A pre-dried 20 mL glass schlenk tube composed of rotaflo stopcock and fitted with magnetic stirring bar was used to carry out this reaction. 55 mg of (Oct)4NBr (0.1 mmol) was dissolved in 1.0 g (10 mmol) of glycidyl azide in a 5 mL glass vial inside the glove box and then the whole solution is transferred to the glass schlenk tube under argon condition. The rotaflo was screwed tightly and 300 µL of triethyl borane (TEB, 1 M in hexane, 0.3 mmol) was taken in the head space of the schlenk tube and the outlet was closed with a glass stopper. The glass schlenk tube was taken out from the glove box and stirred at 0 oC for 10 min. Then the rotaflo was gently opened in order to add TEB into the monomer solution. The reaction mixture was stirred at the same temperature for 20 h, then it was quenched with few drops of 5% HCl aqueous solution. The quenched mixture was dissolved in THF (1 mL) and aliquots was taken for NMR and GPC analyses to determine the conversion and molar mass. The crude product was precipitated in methanol and the obtained PGA was characterized MALDI-TOF. The results were listed in Table 1 Entry 8.

The copolymerization of GA and PO was performed following a similar procedure as above.

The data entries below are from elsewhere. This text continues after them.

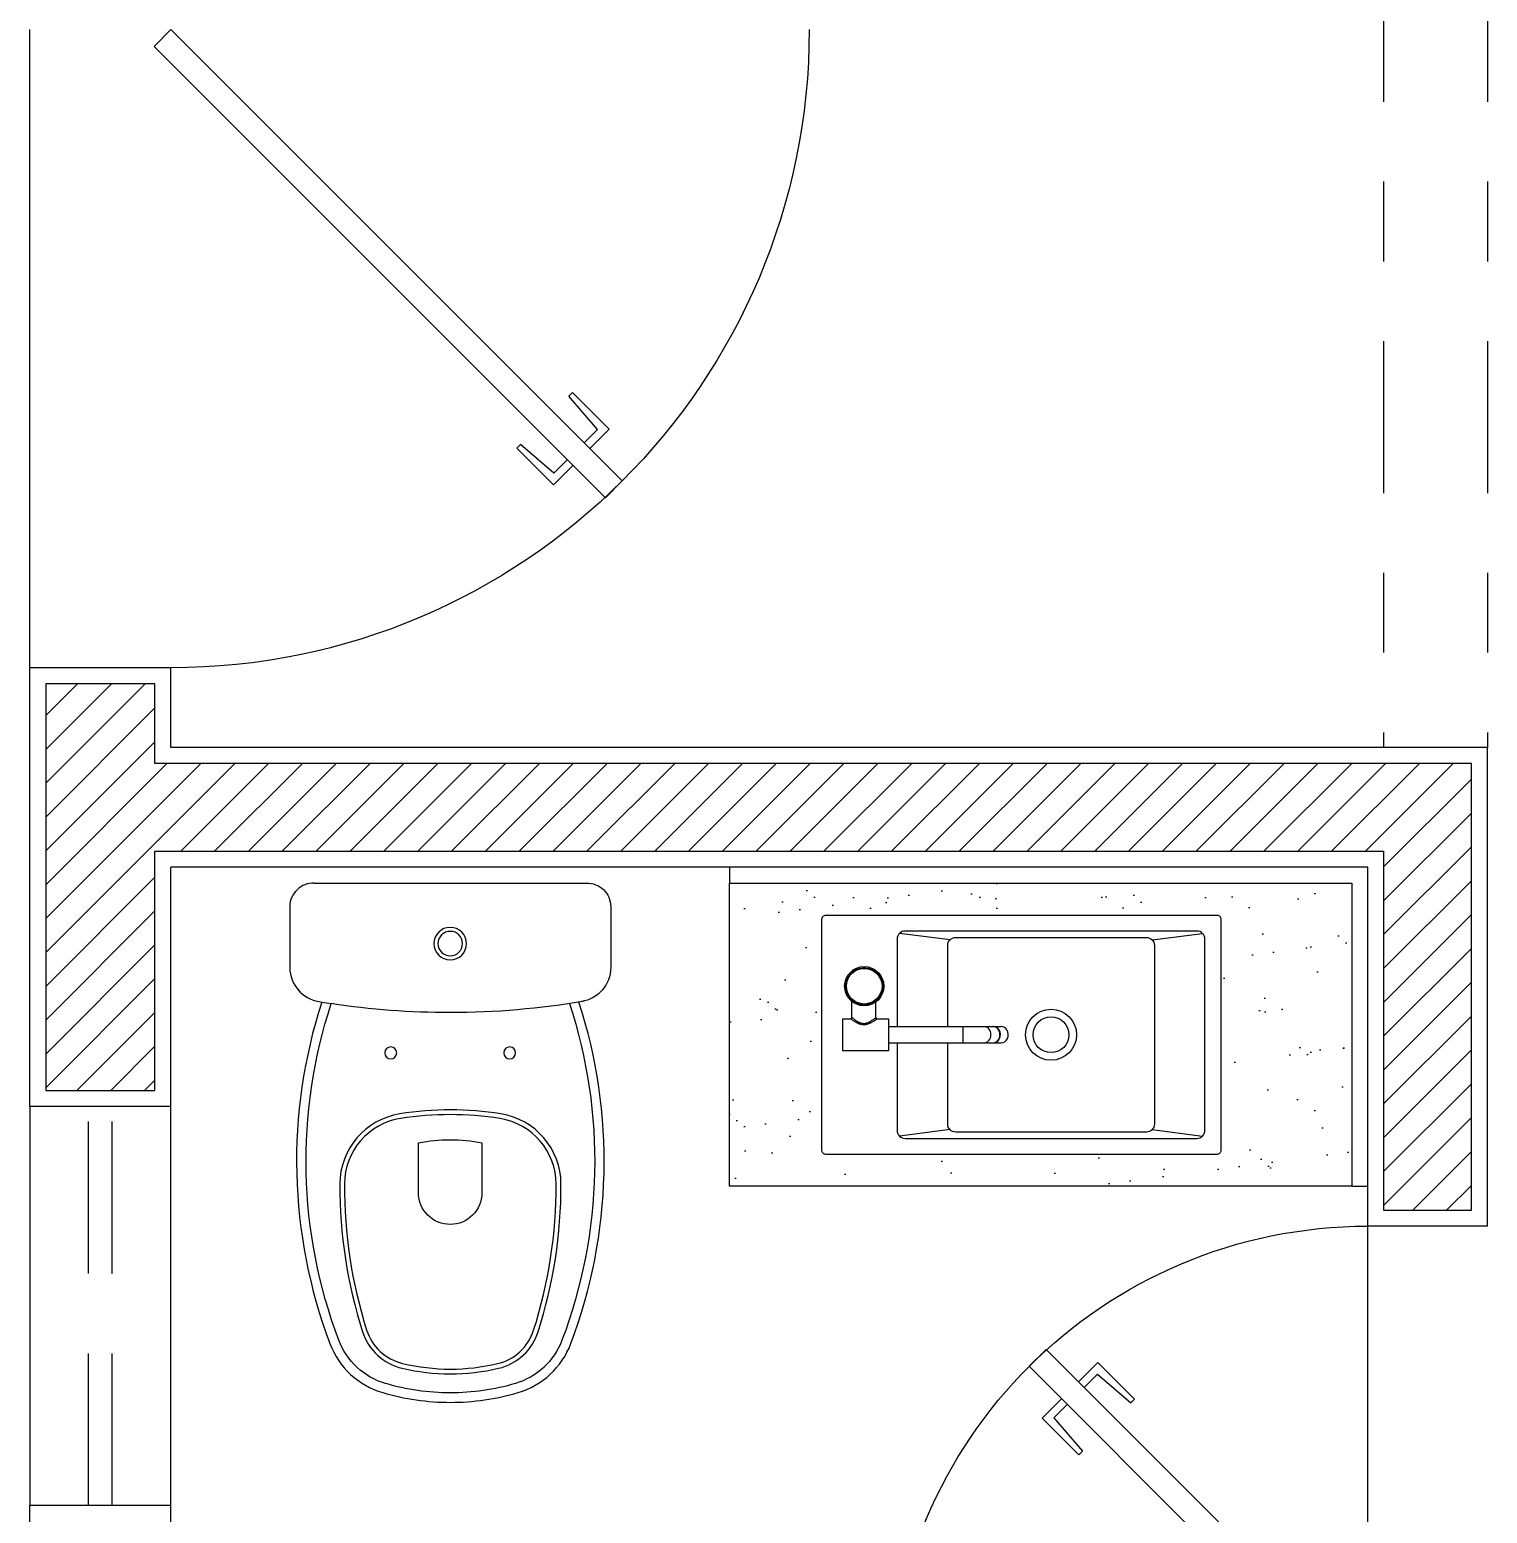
# Model space of a CAD drawing. Header units: millimetres. Extents: x 1999 to 2304, y 1614 to 1800.
# Drawn here: x 2210.975 to 2212.802, y 1630.347 to 1632.207 of the extents above; entities that cross this region are included whole.
import ezdxf

# ---------------------------------------------------------------- set-up
doc = ezdxf.new("R2010")
doc.units = ezdxf.units.MM
doc.header["$LTSCALE"] = 0.03
doc.linetypes.add('DASHDOT', pattern=[25.4, 12.7, -6.35, 0, -6.35])
doc.linetypes.add('HIDDEN', pattern=[9.525, 6.35, -3.175])
for name, color, linetype in [('BANCADAS', 5, 'Continuous'), ('Esquadrias', 3, 'Continuous'), ('LOUÇAS E METAIS', 5, 'Continuous'), ('PL1', 1, 'Continuous'), ('PL250', 250, 'Continuous'), ('PL4', 4, 'Continuous'), ('PL5', 5, 'Continuous'), ('PL6', 6, 'Continuous'), ('Projeção', 250, 'HIDDEN')]:
    doc.layers.add(name, color=color, linetype=linetype)

# ---------------------------------------------------------------- blocks, each defined once
blk = doc.blocks.new('PORTA60E')
at = {"layer": 'Esquadrias'}
for p, q in [((-0.4455, 0.4031), (-0.4243, 0.4243)), ((-0.4243, 0.4243), (0, 0)), ((-0.0212, -0.0212), (-0.4455, 0.4031)), ((-0.3837, 0.3837), (-0.3594, 0.4079)), ((-0.3766, 0.3766), (-0.3598, 0.3934)), ((-0.3598, 0.3934), (-0.318, 0.3573)), ((-0.3594, 0.4079), (-0.3134, 0.3619)), ((-0.4049, 0.3624), (-0.4292, 0.3382)), ((-0.3978, 0.3554), (-0.4146, 0.3386)), ((-0.3134, 0.3619), (-0.318, 0.3573)), ((-0.4292, 0.3382), (-0.3832, 0.2922)), ((-0.4146, 0.3386), (-0.3785, 0.2968)), ((-0.3832, 0.2922), (-0.3785, 0.2968)), ((0, 0), (-0.0212, -0.0212))]:
    blk.add_line(p, q, dxfattribs=at)
at = {"layer": 'Esquadrias', "color": 250}
blk.add_arc((0, 0), 0.6, 90, 180, dxfattribs=at)
blk = doc.blocks.new('TORB')
at = {"layer": 'PL5', "color": 5}
for p, q in [((267.412, 16.3879), (267.4313, 16.3879)), ((267.4113, 16.3578), (267.4306, 16.3578))]:
    blk.add_line(p, q, dxfattribs=at)
blk.add_lwpolyline([(267.4097, 16.3562), (267.4097, 16.3419), (267.3697, 16.3419), (267.3697, 16.3991), (267.4097, 16.3991), (267.4097, 16.3895), (267.409, 16.3884), (267.4083, 16.3874), (267.4077, 16.3865), (267.407, 16.3854), (267.4065, 16.3847), (267.406, 16.3839), (267.4056, 16.383), (267.4053, 16.3826), (267.4051, 16.3821), (267.4048, 16.3816), (267.4046, 16.3812), (267.4044, 16.3807), (267.4042, 16.3802), (267.4039, 16.3797), (267.4037, 16.3791), (267.4035, 16.3786), (267.4033, 16.3781), (267.4032, 16.3775), (267.403, 16.3769), (267.4029, 16.3764), (267.4028, 16.3758), (267.4027, 16.3752), (267.4026, 16.3746), (267.4025, 16.374), (267.4025, 16.3734), (267.4025, 16.3728), (267.4025, 16.3722), (267.4025, 16.3716), (267.4026, 16.371), (267.4027, 16.3704), (267.4028, 16.3698), (267.4029, 16.3692), (267.4031, 16.3686), (267.4032, 16.3681), (267.4034, 16.3675), (267.4036, 16.367), (267.4038, 16.3665), (267.404, 16.3659), (267.4042, 16.3654), (267.4044, 16.3649), (267.4047, 16.3644), (267.4049, 16.364), (267.4051, 16.3635), (267.4054, 16.3631), (267.4059, 16.3622), (267.4064, 16.3614), (267.4068, 16.3606), (267.4073, 16.3598), (267.4079, 16.3589), (267.4083, 16.3583, 0.006646)], format="xyb", close=True, dxfattribs=at)
at = {"layer": 'PL5', "color": 250}
blk.add_lwpolyline([(267.4113, 16.3578, -0.006968), (267.4098, 16.3597), (267.4096, 16.3599), (267.4089, 16.3608), (267.4084, 16.3614), (267.4079, 16.3621), (267.4074, 16.3628), (267.4069, 16.3636), (267.4066, 16.364), (267.4064, 16.3644), (267.4061, 16.3648), (267.4059, 16.3653), (267.4056, 16.3657), (267.4054, 16.3661), (267.4051, 16.3666), (267.4049, 16.3671), (267.4047, 16.3676), (267.4045, 16.368), (267.4043, 16.3685), (267.4041, 16.369), (267.404, 16.3696), (267.4038, 16.3701), (267.4038, 16.3704), (267.4037, 16.3706), (267.4037, 16.3709), (267.4036, 16.3712), (267.4036, 16.3714), (267.4036, 16.3717), (267.4035, 16.372), (267.4035, 16.3722), (267.4035, 16.3725), (267.4035, 16.3728), (267.4035, 16.3731), (267.4035, 16.3733), (267.4035, 16.3736), (267.4035, 16.3739), (267.4036, 16.3742), (267.4036, 16.3744), (267.4036, 16.3747), (267.4037, 16.375), (267.4037, 16.3752), (267.4038, 16.3755), (267.4039, 16.376), (267.4041, 16.3766), (267.4043, 16.3771), (267.4044, 16.3776), (267.4046, 16.3781), (267.4049, 16.3785), (267.4051, 16.379), (267.4053, 16.3795), (267.4055, 16.3799), (267.4058, 16.3804), (267.406, 16.3808), (267.4063, 16.3812), (267.4066, 16.3816), (267.4068, 16.382), (267.4071, 16.3824), (267.4076, 16.3832), (267.4081, 16.3839), (267.4086, 16.3846), (267.4091, 16.3852), (267.4097, 16.386), (267.4105, 16.3869), (267.4113, 16.3879), (267.412, 16.3879)], format="xyb", dxfattribs=at)
at = {"layer": 'PL5'}
for points in [[(267.4097, 16.3895, 0.414213), (267.4113, 16.3879)], [(267.4113, 16.3578, 0.414213), (267.4097, 16.3562)]]:
    blk.add_lwpolyline(points, format="xyb", dxfattribs=at)
at = {"layer": 'PL5', "color": 5}
for points in [[(267.3794, 16.3419), (267.3794, 16.2488)], [(267.4001, 16.3419), (267.4001, 16.2488)], [(267.3794, 16.2488), (267.3794, 16.2113)], [(267.4001, 16.2488), (267.4001, 16.2113)], [(267.3794, 16.2106), (267.3794, 16.2009)], [(267.4, 16.2106), (267.4, 16.2009)]]:
    blk.add_lwpolyline(points, dxfattribs=at)
at = {"layer": 'PL5', "color": 250}
blk.add_lwpolyline([(267.4001, 16.2488), (267.3794, 16.2488)], dxfattribs=at)
at = {"layer": 'PL5', "color": 5}
blk.add_circle((267.4505, 16.3724), 0.0246, dxfattribs=at)
at = {"layer": 'PL5', "color": 250}
for radius in [0.0233, 0.0223]:
    blk.add_circle((267.4505, 16.3724), radius, dxfattribs=at)
for centre, major_axis, start_param, end_param in [((267.3897, 16.2225), (0.0103, 0), 3.141593, 6.283185), ((267.3897, 16.2113), (0.0103, 0), 3.141593, 6.283185), ((267.3897, 16.2106), (-0.0103, 0), 6.283074, 8.471289), ((267.3897, 16.2106), (-0.00971, 0), 0.961662, 2.178992), ((267.3897, 16.2106), (-0.0103, 0), 2.188103, 3.141482)]:
    blk.add_ellipse(centre, major_axis=major_axis, ratio=0.866025, start_param=start_param, end_param=end_param, dxfattribs=at)
at = {"layer": 'PL5'}
for start_param, end_param in [(6.280062, 6.283074), (3.141482, 3.144722)]:
    blk.add_ellipse((267.3897, 16.2106), major_axis=(-0.0103, 0), ratio=0.866025, start_param=start_param, end_param=end_param, dxfattribs=at)
at = {"layer": 'PL5', "color": 5}
for start_param, end_param in [(6.283074, 8.471289), (2.188103, 3.141482)]:
    blk.add_ellipse((267.3897, 16.2009), major_axis=(-0.0103, 0), ratio=0.866025, start_param=start_param, end_param=end_param, dxfattribs=at)
blk = doc.blocks.new('cuba apoio')
at = {"layer": 'LOUÇAS E METAIS'}
blk.add_lwpolyline([(2058.1553, 1014.7076, 0.414214), (2058.1503, 1014.7026), (2058.1503, 1014.2126, 0.414214), (2058.1553, 1014.2076), (2058.4453, 1014.2076, 0.414214), (2058.4503, 1014.2126), (2058.4503, 1014.7026, 0.414214), (2058.4453, 1014.7076)], format="xyb", close=True, dxfattribs=at)
for points in [[(2058.1732, 1014.2305, -0.198917), (2058.1703, 1014.2376), (2058.1703, 1014.6034, -0.414214), (2058.1803, 1014.6134), (2058.2899, 1014.6134)], [(2058.3106, 1014.6134), (2058.4203, 1014.6134, -0.414214), (2058.4303, 1014.6034), (2058.4303, 1014.2376, -0.198917), (2058.4273, 1014.2305)], [(2058.4273, 1014.2305, -0.198907), (2058.4203, 1014.2276), (2058.1803, 1014.2276, -0.198908), (2058.1732, 1014.2305)]]:
    blk.add_lwpolyline(points, format="xyb", dxfattribs=at)
at = {"layer": 'PL5', "color": 250}
for points in [[(2058.1812, 1014.5471), (2058.1732, 1014.6104)], [(2058.4193, 1014.5471), (2058.4273, 1014.6104)], [(2058.1812, 1014.2939), (2058.1732, 1014.2305)], [(2058.4193, 1014.2939), (2058.4273, 1014.2305)]]:
    blk.add_lwpolyline(points, dxfattribs=at)
blk.add_lwpolyline([(2058.2899, 1014.55), (2058.1883, 1014.55, 0.414214), (2058.1783, 1014.54), (2058.1783, 1014.301, 0.414214), (2058.1883, 1014.291), (2058.4123, 1014.291, 0.414214), (2058.4223, 1014.301), (2058.4223, 1014.4205), (2058.4223, 1014.54, 0.414214), (2058.4123, 1014.55), (2058.3106, 1014.55)], format="xyb", dxfattribs=at)
blk.add_lwpolyline([(2058.3003, 1014.4525, 1), (2058.3003, 1014.3885, 1)], format="xyb", close=True, dxfattribs=at)
at = {"layer": 'PL5', "color": 6}
blk.add_lwpolyline([(2058.3003, 1014.443, 1), (2058.3003, 1014.398, 1)], format="xyb", close=True, dxfattribs=at)
at = {"layer": 'PL5', "color": 8, "xscale": -1}
blk.add_blockref('TORB', (2325.69, 998.2822), dxfattribs=at)
blk = doc.blocks.new('CP828_p')
at = {"layer": 'PL250'}
blk.add_lwpolyline([(0.1495, -0.1509, -0.171417), (0.1401, -0.5731, -0.234797), (0.0817, -0.6273, -0.071727), (0.0003, -0.639, -0.071727), (-0.0812, -0.6273, -0.234797), (-0.1395, -0.5731, -0.171398), (-0.149, -0.151)], format="xyb", dxfattribs=at)
for points in [[(-0.0745, -0.2053, 1), (-0.0745, -0.2202, 1)], [(0.0746, -0.2053, 1), (0.0746, -0.2202, 1)], [(-0.0629, -0.2892, 0.368101), (-0.1384, -0.3773, 0.078177), (-0.1098, -0.5623, 0.263585), (-0.0601, -0.6082, 0.057686), (0.0003, -0.6151, 0.057686), (0.0607, -0.6082, 0.263585), (0.1103, -0.5623, 0.078177), (0.1389, -0.3773, 0.368101), (0.0635, -0.2892, 0.039348), (0.0003, -0.2842, 0.039347)], [(-0.0397, -0.3256, -0.050382), (0.0001, -0.3216, -0.050382), (0.0398, -0.3256), (0.0398, -0.3882, -0.414214), (0.0001, -0.4279, -0.414214), (-0.0397, -0.3882)]]:
    blk.add_lwpolyline(points, format="xyb", close=True, dxfattribs=at)
at = {"layer": 'PL5'}
for points in [[(-0.1706, 0, 0.4201), (-0.201, -0.0291), (-0.201, -0.1059, 0.366337), (-0.1643, -0.1485, 0.000875), (-0.1609, -0.1491)], [(0.1708, 0, -0.4201), (0.2013, -0.0291), (0.2013, -0.1059, -0.366337), (0.1646, -0.1485)], [(0.1682, -0.1479, -0.042746), (0.0001, -0.1623, -0.037874), (-0.149, -0.151)], [(-0.1609, -0.1491, 0.003054), (-0.149, -0.151)]]:
    blk.add_lwpolyline(points, format="xyb", dxfattribs=at)
at = {"layer": 'PL5', "ltscale": 0.001155}
blk.add_lwpolyline([(-0.1708, 0), (0.1708, 0)], dxfattribs=at)
at = {"layer": 'PL5'}
blk.add_lwpolyline([(0.0001, -0.0604, 1), (0.0001, -0.0912, 1)], format="xyb", close=True, dxfattribs=at)
at = {"layer": 'PL6'}
blk.add_lwpolyline([(0.0001, -0.0554, 1), (0.0001, -0.0962, 1)], format="xyb", close=True, dxfattribs=at)
for points in [[(-0.1609, -0.1491, 0.170633), (-0.1507, -0.5773, 0.234797), (-0.0845, -0.6387, 0.071727), (0.0003, -0.6509, 0.071727), (0.0851, -0.6387, 0.234797), (0.1512, -0.5773, 0.170653), (0.1614, -0.149)], [(-0.0619, -0.2949, 0.368101), (-0.1325, -0.377, 0.078177), (-0.1047, -0.5602, 0.262829), (-0.0596, -0.6021, 0.058535), (0.0003, -0.6092, 0.057686), (0.0593, -0.6023, 0.263585), (0.1046, -0.5605, 0.078177), (0.1329, -0.3773, 0.368101), (0.0625, -0.2951, 0.039348), (0.0003, -0.2902, 0.039347), (-0.062, -0.2951)]]:
    blk.add_lwpolyline(points, format="xyb", dxfattribs=at)
blk = doc.blocks.new('PORTA80D')
at = {"layer": 'Esquadrias'}
for p, q in [((-0.5869, 0.5445), (-0.5657, 0.5657)), ((-0.5657, 0.5657), (0, 0)), ((-0.0212, -0.0212), (-0.5869, 0.5445)), ((-0.5251, 0.5251), (-0.5008, 0.5494)), ((-0.5008, 0.5494), (-0.4548, 0.5034)), ((-0.518, 0.518), (-0.5012, 0.5348)), ((-0.5012, 0.5348), (-0.4594, 0.4987)), ((-0.5463, 0.5039), (-0.5706, 0.4796)), ((-0.4548, 0.5034), (-0.4594, 0.4987)), ((-0.5392, 0.4968), (-0.556, 0.48)), ((-0.5706, 0.4796), (-0.5246, 0.4336)), ((-0.556, 0.48), (-0.5199, 0.4382)), ((-0.5246, 0.4336), (-0.5199, 0.4382)), ((0, 0), (-0.0212, -0.0212))]:
    blk.add_line(p, q, dxfattribs=at)
at = {"layer": 'Esquadrias', "color": 250}
blk.add_arc((0, 0), 0.8, 90, 180, dxfattribs=at)

msp = doc.modelspace()

# ---------------------------------------------------------------- hatches: boundary and pattern name
at = {"layer": 'BANCADAS'}
h = msp.add_hatch(dxfattribs=at)
h.set_pattern_fill('AR-SAND', color=251, scale=0.002)
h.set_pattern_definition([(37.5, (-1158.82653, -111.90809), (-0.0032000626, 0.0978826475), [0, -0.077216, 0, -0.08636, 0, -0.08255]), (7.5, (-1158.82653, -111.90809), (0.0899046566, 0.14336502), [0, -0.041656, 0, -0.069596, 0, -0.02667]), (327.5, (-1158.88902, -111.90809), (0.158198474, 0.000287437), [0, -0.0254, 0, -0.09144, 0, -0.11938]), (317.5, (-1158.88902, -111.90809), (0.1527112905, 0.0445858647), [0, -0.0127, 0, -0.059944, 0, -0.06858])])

Representative procedure for GA and CO2 copolymerization

A 50 mL Parr reactor with magnetic stirrer dried at 120 °C for 6–8 h was taken into chamber of glove box, and dried under vacuum for 2–3 h. Then, the autoclave was transferred into glove box and placed inside the freezer (−30 oC) for 1 h. The copolymerization of CO2 with glycidyl azide (GA) described below is taken from entry 6 in Table 2 as an example. The precooled autoclave was charged with Bu4NN3 (28 mg, 0.1 mmol) followed by the addition of 1 g of GA (10 mmol) to obtain a homogenous solution. To that monomer solution was added 200 µL of triethyl borane (TEB, 1 M in hexane, 0.2 mmol). Then the autoclave was sealed and taken out from the glove box. After charging CO2 (10 bar), it was kept for stirring (250 rpm) at 25 °C for 14 h. The reactor was cooled down using ice-water bath for 15 min followed by the slow release of excess CO2. The reaction mixture was then immediately quenched with dil. HCl (5% in methanol). The crude product was dissolved with CHCl3 and then precipitated in cold methanol. The results were listed in Table 2 entry 7.

The terpolymerization of GA, CO2 with CHO or PO was performed following a similar procedure as above.